Introduction:  The diagnosis of symptomatic pelvic venous disorders in women is complicated when concomitant gynecologic disorders are present.  The prevalence of gynecologic disorders in women with symptomatic pelvic venous insufficiency (PVI) and the effectiveness of endovascular intervention is currently ill defined.  The purpose of this investigation is to determine the prevalence of concomitant gynecologic disorders and to assess the effectiveness of therapeutic interventions in a subset of women with a history of endometriosis.

Methods:  We retrospectively reviewed the results of 2544 women treated for symptomatic PVI, from January 2017 to March 2024.  Women were divided in three groups.  Pelvic pain alone, leg pain alone or combined pelvic and leg pain (mixed).  Patient demographics, prevalence of concomitant gynecologic  disorders, presenting symptoms, CEAP, rVCSS, pre and post visual analog pain scores (VAS), stent type, vein territory covered and reintervention rates were assessed.

Results:  Of the 2544 women, 70 presented with pelvic pain, 1012 with leg pain and 1454 with combined pelvic and leg pain.  The average age of the cohort was 56.  Racial distribution was the following:  49% Caucasian, 16% African American, 11% Hispanic, 1% Asian and 23% unknown.  The most common gynecologic disorders reported were uterine fibroids (4%), endometriosis 44%, ovarian cysts 2.8%, polycystic ovaries 1.5%.  Average follow-up was 2.32±2.4 years.  Pre-op VAS scores were the following:  Pelvic (7.61 ± 3.72), Leg (6.18 ± 2.95) and mixed (5.72 ± 3.72).  For women with a history of endometriosis Pre and post VAS scores were the following: (6.98 ± 3.29) and (5.75 ± 3.25).
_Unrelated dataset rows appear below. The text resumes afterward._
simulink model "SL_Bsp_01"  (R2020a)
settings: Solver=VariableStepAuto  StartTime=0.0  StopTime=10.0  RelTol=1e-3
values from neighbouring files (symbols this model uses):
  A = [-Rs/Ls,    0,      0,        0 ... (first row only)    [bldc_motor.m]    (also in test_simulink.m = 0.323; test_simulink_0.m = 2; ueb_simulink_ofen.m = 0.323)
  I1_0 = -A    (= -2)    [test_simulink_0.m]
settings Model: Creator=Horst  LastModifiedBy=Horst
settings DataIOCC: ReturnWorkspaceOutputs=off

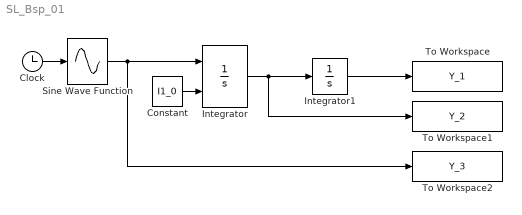
== system SL_Bsp_01 ==
  Clock : Clock
  Constant : Constant  Value=I1_0
  Integrator : Integrator  InitialConditionSource=external  InitialCondition=-1
  Integrator1 : Integrator
  Sine Wave Function : Sin  TimeSource=Use external signal  Amplitude=A  SampleTime=0
  To Workspace : ToWorkspace  VariableName=Y_1  SampleTime=-1
  To Workspace1 : ToWorkspace  VariableName=Y_2  SampleTime=-1
  To Workspace2 : ToWorkspace  VariableName=Y_3  SampleTime=-1
  wires:
  Sine Wave Function/1 -> To Workspace2/1, Integrator/1
  Integrator/1 -> To Workspace1/1, Integrator1/1
  Integrator1/1 -> To Workspace/1
  Clock/1 -> Sine Wave Function/1
  Constant/1 -> Integrator/2

The average between procedure date and the latest follow up for the Endometriosis patients is 28 months. A total of 1738 stents were placed:  Pelvic (n=27), Leg (n=564) and Mixed (n=935).  The most common stent diameters and lengths were 14 and 16 millimeters(mm) and 140 and 160 mm.  The left common and external iliac veins were the most common vein territories covered.  There were 215 reinterventions for a 12.5% reintervention rate. Twenty-three percent were ipsilateral to the index stent, 68% were for new contralateral iliac vein stenoses and 9% were for ipsilateral and contralateral lesions. There was total 27 patients with history of Abdominal hysterectomy.

Conclusions:  The prevalence of concomitant gynecologic disorders in women with symptomatic PVI is very low and calls into question whether or not gynecologic assessments for etiologies other than PVI are necessary.  Even in women with a history of endometriosis, endovascular interventions are very successful at ameliorating pelvic and/or leg symptoms.  A history of concomitant gynecologic disorders should not prevent women from therapeutic interventions for the treatment of their symptomatic PVI.